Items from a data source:
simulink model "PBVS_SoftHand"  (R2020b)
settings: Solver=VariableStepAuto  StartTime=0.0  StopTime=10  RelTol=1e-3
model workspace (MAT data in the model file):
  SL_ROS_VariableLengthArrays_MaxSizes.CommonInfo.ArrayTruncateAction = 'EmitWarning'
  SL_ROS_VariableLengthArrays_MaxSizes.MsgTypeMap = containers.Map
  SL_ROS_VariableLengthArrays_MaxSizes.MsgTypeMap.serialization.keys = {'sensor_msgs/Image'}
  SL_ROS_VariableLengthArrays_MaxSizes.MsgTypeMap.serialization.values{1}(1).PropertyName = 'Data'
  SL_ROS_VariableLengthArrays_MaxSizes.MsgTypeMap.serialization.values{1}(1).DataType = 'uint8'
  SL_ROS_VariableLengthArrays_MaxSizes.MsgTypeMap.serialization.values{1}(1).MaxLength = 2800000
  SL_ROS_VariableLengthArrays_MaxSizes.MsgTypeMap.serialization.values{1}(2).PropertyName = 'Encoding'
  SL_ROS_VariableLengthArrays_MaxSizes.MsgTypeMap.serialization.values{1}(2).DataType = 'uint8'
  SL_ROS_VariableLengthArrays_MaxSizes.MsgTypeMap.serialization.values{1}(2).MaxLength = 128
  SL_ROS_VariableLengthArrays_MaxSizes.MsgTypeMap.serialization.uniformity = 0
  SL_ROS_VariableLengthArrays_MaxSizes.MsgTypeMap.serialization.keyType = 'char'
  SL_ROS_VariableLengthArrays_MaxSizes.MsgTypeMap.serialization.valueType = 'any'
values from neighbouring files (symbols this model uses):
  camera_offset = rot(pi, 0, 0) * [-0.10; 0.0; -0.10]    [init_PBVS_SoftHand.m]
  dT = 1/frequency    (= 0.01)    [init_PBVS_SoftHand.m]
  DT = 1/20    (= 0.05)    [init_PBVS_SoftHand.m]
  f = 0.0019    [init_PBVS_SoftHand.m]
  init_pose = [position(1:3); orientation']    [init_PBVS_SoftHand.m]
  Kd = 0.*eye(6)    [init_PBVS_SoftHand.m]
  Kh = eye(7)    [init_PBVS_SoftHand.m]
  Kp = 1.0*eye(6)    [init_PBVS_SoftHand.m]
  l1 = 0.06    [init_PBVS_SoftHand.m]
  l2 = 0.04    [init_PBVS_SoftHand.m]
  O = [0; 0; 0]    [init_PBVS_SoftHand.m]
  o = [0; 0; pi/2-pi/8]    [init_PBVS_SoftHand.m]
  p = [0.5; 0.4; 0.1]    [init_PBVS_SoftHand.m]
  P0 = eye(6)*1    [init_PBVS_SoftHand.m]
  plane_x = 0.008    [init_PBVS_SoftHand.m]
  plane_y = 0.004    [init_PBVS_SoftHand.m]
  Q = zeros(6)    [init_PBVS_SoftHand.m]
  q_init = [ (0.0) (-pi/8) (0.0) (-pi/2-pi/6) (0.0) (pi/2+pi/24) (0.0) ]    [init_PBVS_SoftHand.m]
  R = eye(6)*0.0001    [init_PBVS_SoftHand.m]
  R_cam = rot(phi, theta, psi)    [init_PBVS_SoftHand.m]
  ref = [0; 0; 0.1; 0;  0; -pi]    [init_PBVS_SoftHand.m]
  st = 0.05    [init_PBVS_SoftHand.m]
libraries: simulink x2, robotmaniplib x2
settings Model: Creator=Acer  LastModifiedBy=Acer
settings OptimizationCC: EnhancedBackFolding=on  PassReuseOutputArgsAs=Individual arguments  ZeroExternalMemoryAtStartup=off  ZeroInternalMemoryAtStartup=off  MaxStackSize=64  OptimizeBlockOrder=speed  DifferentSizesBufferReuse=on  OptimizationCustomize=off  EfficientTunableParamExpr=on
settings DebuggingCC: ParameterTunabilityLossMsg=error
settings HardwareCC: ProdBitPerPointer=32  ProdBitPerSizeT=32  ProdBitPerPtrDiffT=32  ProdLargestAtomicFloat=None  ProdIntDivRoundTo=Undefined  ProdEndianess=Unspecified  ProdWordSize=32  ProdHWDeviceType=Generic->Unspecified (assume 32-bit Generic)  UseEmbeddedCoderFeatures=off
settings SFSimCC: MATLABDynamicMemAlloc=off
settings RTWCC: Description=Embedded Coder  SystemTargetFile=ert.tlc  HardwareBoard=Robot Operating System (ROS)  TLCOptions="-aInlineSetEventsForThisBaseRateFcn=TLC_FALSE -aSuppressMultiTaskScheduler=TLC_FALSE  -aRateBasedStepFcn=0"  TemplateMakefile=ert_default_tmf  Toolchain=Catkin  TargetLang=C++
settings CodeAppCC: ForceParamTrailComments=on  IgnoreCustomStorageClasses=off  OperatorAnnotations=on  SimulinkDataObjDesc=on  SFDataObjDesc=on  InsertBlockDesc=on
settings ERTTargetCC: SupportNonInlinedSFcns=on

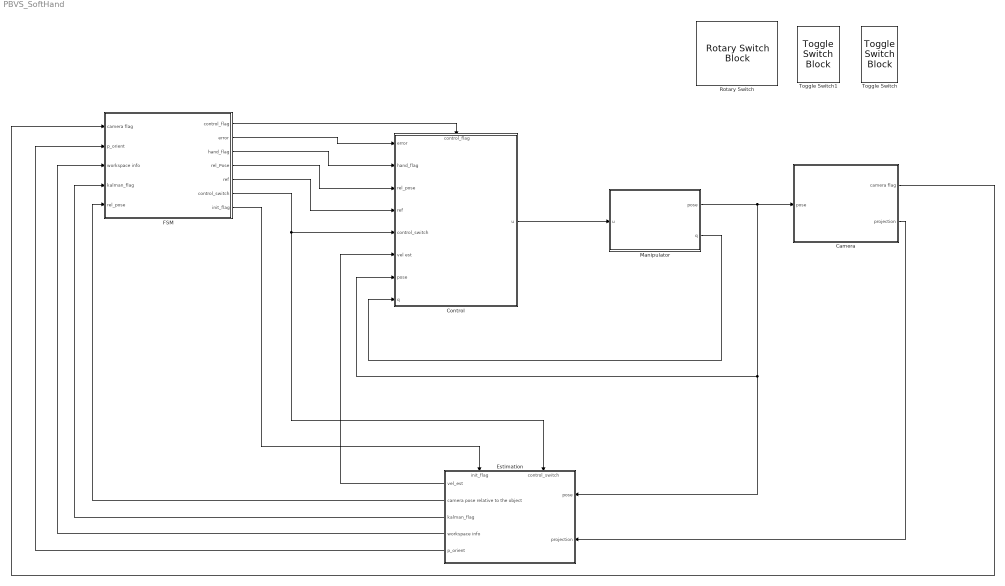
== system PBVS_SoftHand ==
  Camera : Subsystem
  Control : Subsystem
      settings: PortSchema="{\"entries\":[{\"content\":{\"sides\":[{\"content\":{\"connectorIds\":[\"In1\",\"In2\",\"In3\",\"In4\",\"In5\",\"In6\",\"In7\",\"In8\"]},\"type\":\"ConnectorPlacement.EquallySpacedRectSide\",\"uuid\":\"af17fae2-36f6-4efd-b4ba-fb8d1f73429e\"},{\"content\":{\"connectorIds\":[\"Out1\"],\"side\":\"RIGHT\"},\"type\":\"ConnectorPlacement.EquallySpacedRectSide\",\"uuid\":\"2b8fdab6-bdef-4319-b746-176742d42689\"},{\"content\":{\"connectorIds\":[\"In9\"],\"side\":\"TOP\"},\"type\":\"ConnectorPlacement.EquallySpacedRectSide\",\"uuid\":\"e47b4a6a-66e6-45a0-98f9-e5ee84c20568\"},{\"content\":{\"connectorIds\":[],\"side\":\"HIDDEN\"},\"type\":\"ConnectorPlacement.EquallySpacedRectSide\",\"uuid\":\"9d3dc715-f15e-4844-9864-7097570c16fc\"}]},\"type\":\"ConnectorPlacement.EquallySpacedConnector\",\"uuid\":\"752007b5-316d-48d1-9942-1c7a203faf23\"}],\"packageUris\":[\"http://schema.mathworks.com/mf0/Connector/R2020b\"],\"version\":\"1.0\"}"
  Estimation : Subsystem
      settings: PortSchema="{\"entries\":[{\"content\":{\"sides\":[{\"content\":{\"connectorIds\":[\"In1\",\"In2\"]},\"type\":\"ConnectorPlacement.EquallySpacedRectSide\",\"uuid\":\"a08c32dc-abe6-4f2b-ae77-c4d2f876d1ca\"},{\"content\":{\"connectorIds\":[\"Out1\",\"Out2\",\"Out3\",\"Out4\",\"Out5\"],\"side\":\"RIGHT\"},\"type\":\"ConnectorPlacement.EquallySpacedRectSide\",\"uuid\":\"a9594212-1ad7-4004-b7e9-4ae8430051bc\"},{\"content\":{\"connectorIds\":[\"In3\",\"In4\"],\"side\":\"TOP\"},\"type\":\"ConnectorPlacement.EquallySpacedRectSide\",\"uuid\":\"c64d48d0-945a-48a3-9b1a-7425a2bac4f1\"},{\"content\":{\"connectorIds\":[],\"side\":\"HIDDEN\"},\"type\":\"ConnectorPlacement.EquallySpacedRectSide\",\"uuid\":\"141999d7-d8a1-4566-a0df-60055f832239\"}]},\"type\":\"ConnectorPlacement.EquallySpacedConnector\",\"uuid\":\"574f16a2-9616-413e-b861-7d1dd0d71272\"}],\"packageUris\":[\"http://schema.mathworks.com/mf0/Connector/R2020b\"],\"version\":\"1.0\"}"
  FSM : Subsystem
  Manipulator : Subsystem
  Rotary Switch : RotarySwitchBlock  LabelPosition=Bottom
      settings: Values={{'Off', 'Low', 'Medium', 'High'}, [0 -0.02 -0.04 -0.06]}
  Toggle Switch : ToggleSwitchBlock  LabelPosition=Bottom
      settings: Values={{'Off', 'On'}, [0 1]}
  Toggle Switch1 : ToggleSwitchBlock  LabelPosition=Bottom
      settings: Values={{'Off', 'On'}, [0 1]}
  wires:
  Control/1(u) -> Manipulator/1(u)
  Manipulator/1(pose) -> Camera/1(pose), Estimation/1(pose), Control/7(pose)
  Estimation/2(camera pose relative to the object) -> FSM/5(rel_pose)
  Estimation/1(vel_est) -> Control/6(vel est)
  FSM/2(error) -> Control/1(error)
  Estimation/3(kalman_flag) -> FSM/4(kalman_flag)
  FSM/1(control_flag) -> Control/9(control_flag)
  FSM/7(init_flag) -> Estimation/4(init_flag)
  Camera/1(camera flag) -> FSM/1(camera flag)
  FSM/3(hand_flag) -> Control/2(hand_flag)
  Camera/2(projection) -> Estimation/2(projection)
  Estimation/4(workspace info) -> FSM/3(workspace info)
  FSM/4(rel_Pose) -> Control/3(rel_pose)
  Manipulator/2(q) -> Control/8(q)
  Estimation/5(p_orient) -> FSM/2(p_orient)
  FSM/5(ref) -> Control/4(ref)
  FSM/6(control_switch) -> Estimation/3(control_switch), Control/5(control_switch)

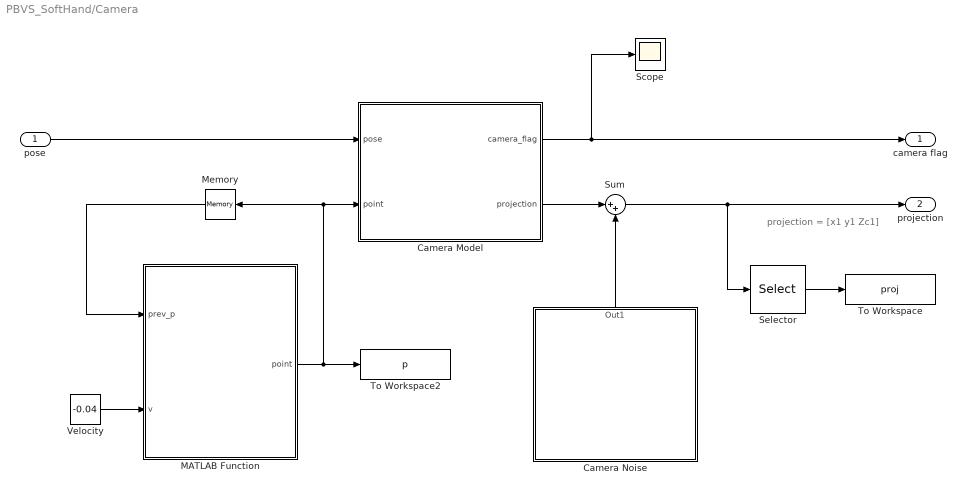
== system PBVS_SoftHand/Camera ==
  note: projection = [x1 y1 Zc1]
  pose : Inport
  Camera Model : MATLAB Function  TreatAsAtomicUnit=on
  Camera Noise : Subsystem
  MATLAB Function : MATLAB Function  TreatAsAtomicUnit=on  SystemSampleTime=dT
  Memory : Memory  InitialCondition=[p; o]
  Scope : Scope
  Selector : Selector  InputPortWidth=12  IndexOptions=Index vector (dialog)  Indices=[1 2 4 5 7 8 10 11]  OutputSizes=1
  Sum : Sum  Inputs=|++
  To Workspace : ToWorkspace  VariableName=proj  SampleTime=st
  To Workspace2 : ToWorkspace  VariableName=p  SampleTime=st
  Velocity : Constant  Value=-0.04  SampleTime=dT
  camera flag : Outport
  projection : Outport  Port=2
  wires:
  pose/1 -> Camera Model/1(pose)
  Selector/1 -> To Workspace/1
  Camera Model/2(projection) -> Sum/1
  Sum/1 -> Selector/1, projection/1
  MATLAB Function/1(point) -> To Workspace2/1, Memory/1, Camera Model/2(point)
  Memory/1 -> MATLAB Function/1(prev_p)
  Velocity/1 -> MATLAB Function/2(v)
  Camera Model/1(camera_flag) -> Scope/1, camera flag/1
  Camera Noise/1(Out1) -> Sum/2

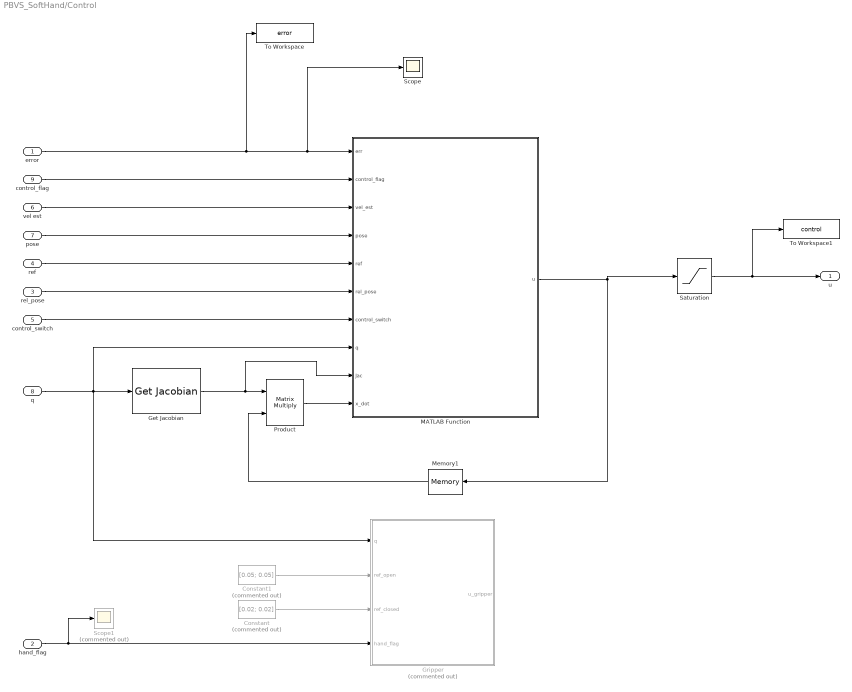
== system PBVS_SoftHand/Control ==
  error : Inport
  hand_flag : Inport  Port=2
  rel_pose : Inport  Port=3
  ref : Inport  Port=4
  control_switch : Inport  Port=5
  vel est : Inport  Port=6
  pose : Inport  Port=7
  q : Inport  Port=8
  control_flag : Inport  Port=9
  Constant : Constant  Commented=on  Value=[0.02; 0.02]
  Constant1 : Constant  Commented=on  Value=[0.05; 0.05]
  Get Jacobian : robotmaniplib/Get Jacobian  RigidBodyTree=robot  EndEffector=right_hand  SimulateUsing=Interpreted execution
      settings: SourceProductBaseCode=RO
  Gripper : MATLAB Function  Commented=on  TreatAsAtomicUnit=on  SystemSampleTime=dT
  MATLAB Function : MATLAB Function  TreatAsAtomicUnit=on  SystemSampleTime=dT
  Memory1 : Memory  InitialCondition=zeros(7,1)
  Product : Product  Multiplication=Matrix(*)
  Saturation : Saturate  UpperLimit=2.5  LowerLimit=-2.5
  Scope : Scope
  Scope1 : Scope  Commented=on
  To Workspace : ToWorkspace  VariableName=error  SampleTime=st
  To Workspace1 : ToWorkspace  VariableName=control  SampleTime=st
  u : Outport
  wires:
  error/1 -> To Workspace/1, Scope/1, MATLAB Function/1(err)
  MATLAB Function/1(u) -> Saturation/1, Memory1/1
  q/1 -> MATLAB Function/8(q), Gripper/1(q), Get Jacobian/1
  Get Jacobian/1 -> MATLAB Function/9(Jac), Product/1
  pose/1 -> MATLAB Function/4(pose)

WHAT THE TASK REQUIRES » From the records above, quote only the lines running from the line with "[0 -0.02 -0.04" to the line with "Control/1(u) -> Manipulator/1(u)", both lines included.

ANSWER FOR THE TASK »
      settings: Values={{'Off', 'Low', 'Medium', 'High'}, [0 -0.02 -0.04 -0.06]}
  Toggle Switch : ToggleSwitchBlock  LabelPosition=Bottom
      settings: Values={{'Off', 'On'}, [0 1]}
  Toggle Switch1 : ToggleSwitchBlock  LabelPosition=Bottom
      settings: Values={{'Off', 'On'}, [0 1]}
  wires:
  Control/1(u) -> Manipulator/1(u)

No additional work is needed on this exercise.